You are viewing a plain text version of this content. The canonical link for it is here.
Posted to user@pig.apache.org by Steve Bernstein <St...@deem.com> on 2012/09/01 01:14:46 UTC
RE: group by clickstream
Nope, tried that, it breaks it back into one tuple per record...not what I want.
-----Original Message-----
From: Віталій Тимчишин [mailto:tivv00@gmail.com]
Sent: Friday, August 31, 2012 1:49 PM
To: user@pig.apache.org
Subject: Re: group by clickstream
Hello.
Does not FLATTEN do exactly this?
Best regards, Vitalii Tymchyshyn
2012/8/30 Steve Bernstein <St...@deem.com>
> Some clarification on the below. Ignore the outer bag, I'd removed
> some data elements for clarity and simplicity. Basically, I'm trying
> to find a way to go from:
>
> {(pg),(pg),...,(pg)}
> to
> {(pg,pg,...,pg)}
>
> For an abritrary number of "pg" tuples.
>
> SB
>
> -----Original Message-----
> From: Steve Bernstein [mailto:Steve.Bernstein@deem.com]
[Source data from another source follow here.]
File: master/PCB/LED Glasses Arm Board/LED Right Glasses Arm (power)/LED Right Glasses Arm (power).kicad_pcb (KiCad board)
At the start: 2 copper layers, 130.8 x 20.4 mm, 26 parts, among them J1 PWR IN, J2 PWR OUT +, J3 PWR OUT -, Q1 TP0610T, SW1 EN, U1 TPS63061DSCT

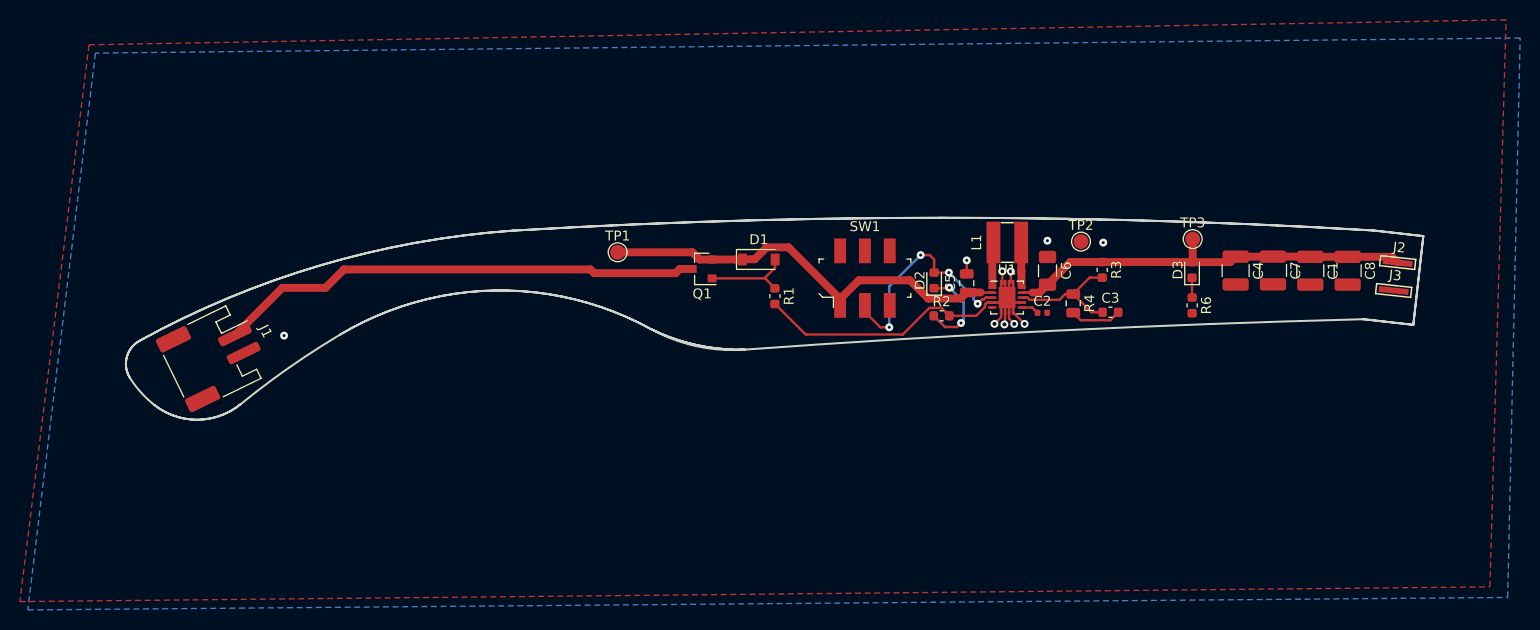
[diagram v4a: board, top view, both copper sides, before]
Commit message: Changed LED indicator from 5V out to PG from power reg IC, moved annotation from 0-x to 100-1xx to keep it consistent with mcu arm design, adjusted layout to accomodate schematic changes from this commit and the previous and added silkscreen labels to input and output.
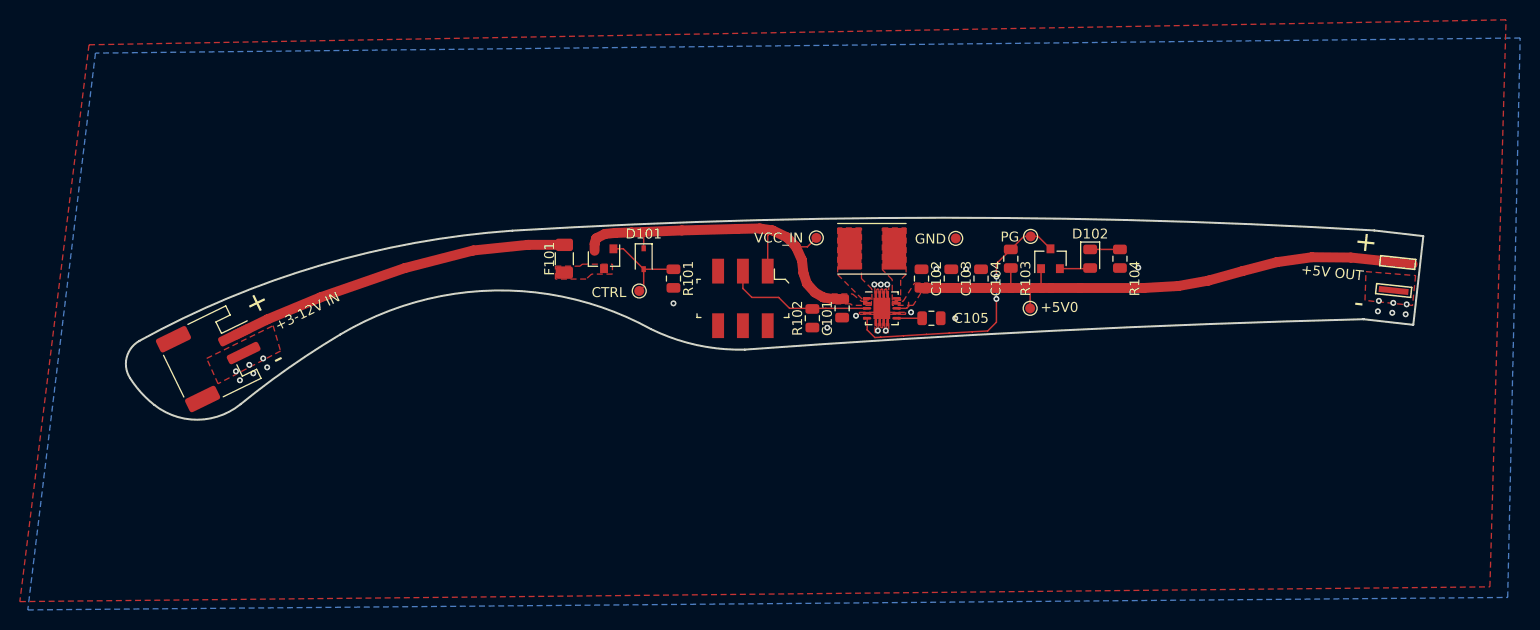
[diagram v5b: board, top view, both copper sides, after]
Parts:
- removed C1, C4, C7, C8: 220u, Capacitor_SMD:C_1210_3225Metric
- removed C2: 0.1u, Capacitor_SMD:C_0402_1005Metric
- removed C3: 10p, Capacitor_SMD:C_0603_1608Metric
- removed C5: 22u, Capacitor_SMD:C_0805_2012Metric
- removed C6: 68u, Capacitor_SMD:C_1206_3216Metric
- removed D1: 6V, Diode_SMD:D_SOD-123
- removed D2: P_IN, LED_SMD:LED_0603_1608Metric
- removed D3: P_OUT, LED_SMD:LED_0603_1608Metric
- removed J1: PWR IN, Connector_JST:JST_PH_S2B-PH-SM4-TB_1x02-1MP_P2.00mm_Horizontal
- removed L1: 1u, sft:SRN4018TA
- removed Q1: TP0610T, Package_TO_SOT_SMD:SOT-23
- removed R1: 100k1, Resistor_SMD:R_0603_1608Metric
- removed R2, R6: 2k2, Resistor_SMD:R_0603_1608Metric
- removed R3: 1M, Resistor_SMD:R_0603_1608Metric
- removed R4: 111k, Resistor_SMD:R_0805_2012Metric
- removed TP1: VIN, TestPoint:TestPoint_Pad_D1.5mm
- removed TP2: GND, TestPoint:TestPoint_Pad_D1.5mm
- removed TP3: VOUT, TestPoint:TestPoint_Pad_D1.5mm
- removed U1: TPS63061DSCT, Package_SON:Texas_S-PWSON-N10
- added C101: 22U_25V, Capacitor_SMD:C_0805_2012Metric, F.Cu at (158.0, 98.0)
- added C102: 22U_25V, Capacitor_SMD:C_0805_2012Metric, F.Cu at (166.0, 95.0)
- added C103: 22U_25V, Capacitor_SMD:C_0805_2012Metric, F.Cu at (169.0, 95.0)
- added C104: 22U_25V, Capacitor_SMD:C_0805_2012Metric, F.Cu at (172.0, 95.0)
- added C105: 100N_15V, Capacitor_SMD:C_0805_2012Metric, F.Cu at (167.0, 99.0)
- added D101: D_TVS, Diode_SMD:D_SOD-323, F.Cu at (138.0, 93.0)
- added D102: P_GOOD, LED_SMD:LED_0805_2012Metric, F.Cu at (183.0, 93.0)
- added F101: FUSE 2A, Resistor_SMD:R_1206_3216Metric, F.Cu at (130.0, 93.0)
- added J101: PWR_IN, Connector_JST:JST_PH_S2B-PH-SM4-TB_1x02-1MP_P2.00mm_Horizontal, F.Cu at (94.7, 102.9)
- added L101: 1U, Inductor_SMD:L_Taiyo-Yuden_NR-50xx_HandSoldering, F.Cu at (161.0, 92.0)
- added Q101: TP0610T, Package_TO_SOT_SMD:SOT-23, F.Cu at (134.0, 93.0)
- added Q102: TP0610T, Package_TO_SOT_SMD:SOT-23, F.Cu at (179.0, 93.0)
- added R101: 100K, Resistor_SMD:R_0805_2012Metric, F.Cu at (141.0, 95.0)
- added R102: 100K, Resistor_SMD:R_0805_2012Metric, F.Cu at (155.0, 99.0)
- added R103: 1M, Resistor_SMD:R_0805_2012Metric, F.Cu at (175.0, 93.0)
- added R104: 270, Resistor_SMD:R_0805_2012Metric, F.Cu at (186.0, 93.0)
- added TP101: TP_GND, TestPoint:TestPoint_Pad_D1.0mm, F.Cu at (169.4, 91.0)
- added TP102: TP_5V0, TestPoint:TestPoint_Pad_D1.0mm, F.Cu at (176.9, 98.0)
- added TP103: TP_IN_SAFE, TestPoint:TestPoint_Pad_D1.0mm, F.Cu at (155.4, 90.9)
- added TP104: TP_PG, TestPoint:TestPoint_Pad_D1.0mm, F.Cu at (177.0, 90.8)
- added TP105: TP_POL, TestPoint:TestPoint_Pad_D1.0mm, F.Cu at (137.6, 96.2)
- added U101: TPS63061DSCT, Package_SON:Texas_S-PWSON-N10, F.Cu at (162.0, 98.0)
- J102: renamed from J2; value PWR OUT + -> PWR_OUT_P
- J103: renamed from J3; value PWR OUT - -> PWR_OUT_N
- moved SW101 12.5 mm to (148.0, 97.0), turned to 180 degrees
- renumbered SW1 to SW101
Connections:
- J102 pad 1: /VOUT_5V -> +5V
- SW101 pad 1: Net-(C5-Pad1) -> /VCC_IN_SAFE
- SW101 pad 2: Net-(D2-Pad2) -> /EN
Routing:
- net +5V: track 0.00 -> 57.6 mm
- net /VIN_2.5-12V: track 49.2 -> 0.00 mm
- net GND: track 44.7 -> 0.00 mm, vias 10 -> 25
- net Net-(C5-Pad1): track 43.2 -> 0.00 mm
- net /VOUT_5V: track 42.0 -> 0.00 mm
- net /VCC_IN_SAFE: track 0.00 -> 38.2 mm
- net /VCC_IN: track 0.00 -> 34.8 mm
- net /PG: track 0.00 -> 27.9 mm, vias 0 -> 2
- net Net-(D2-Pad2): track 22.8 -> 0.00 mm, vias 4 -> 0
- net /EN: track 0.00 -> 15.1 mm
- net Net-(C3-Pad1): track 12.9 -> 0.00 mm
- net /POL_MOS_CTRL: track 0.00 -> 9.29 mm
- net Net-(D2-Pad1): track 9.22 -> 0.00 mm, vias 2 -> 0
- net Net-(D1-Pad2): track 9.10 -> 0.00 mm
- net Net-(L1-Pad1): track 4.35 -> 0.00 mm
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- added copper zone on F.Cu, net +5V
- added copper zone on F.Cu, net /L1
- added copper zone on F.Cu, net /L2
- added copper zone on F.Cu, net /VCC_IN_FUSED
- added copper zone on F.Cu, net /VCC_IN_SAFE
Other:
- outline, holes or cut-outs redrawn
- net class Default: clearance 0.2 -> 0.15; trace_width 0.25 -> 0.15; via_dia 0.8 -> 0.6
- rule trace_clearance: 0.2 -> 0.15
- rule trace_min: 0.2 -> 0.15
- rule via_min_size: 0.4 -> 0.6
- board text added: "+"
- board text added: "+3-12V IN"
- board text added: "+5V OUT"
- board text added: "+5V0"
- board text added: "-"
- board text added: "CTRL"
- board text added: "GND"
- board text added: "PG"
- board text added: "VCC_IN"

> Sent: Wednesday, August 29, 2012 4:28 PM
> To: user@pig.apache.org
> Subject: group by clickstream
>
> Hi all,
> I have a bag, clickstreams: {clickStream: {pageName: chararray}}, for
> which each row represents a sequence of pages and events in a single
> session on a website. The interior bag, clickstream, represents this
> as a sequence of one or more single element tuples, e.g.,
>
> {(homepage),(pg1),(pg2),...,(pgN)}
>
> I'd like to group by the sequences so I can get counts and ultimately
> sort to find the most common clickstreams. A bag can't be a key for
> grouping, I've discovered, but it seems like it ought to be easy to
> flatten the clickstream bag into some other form such that the
> sequences can be used as keys for grouping. But I can't figure it out.
>
> Any ideas?
>
> Thanks!
> Steve
>
>
--
Best regards,
Vitalii Tymchyshyn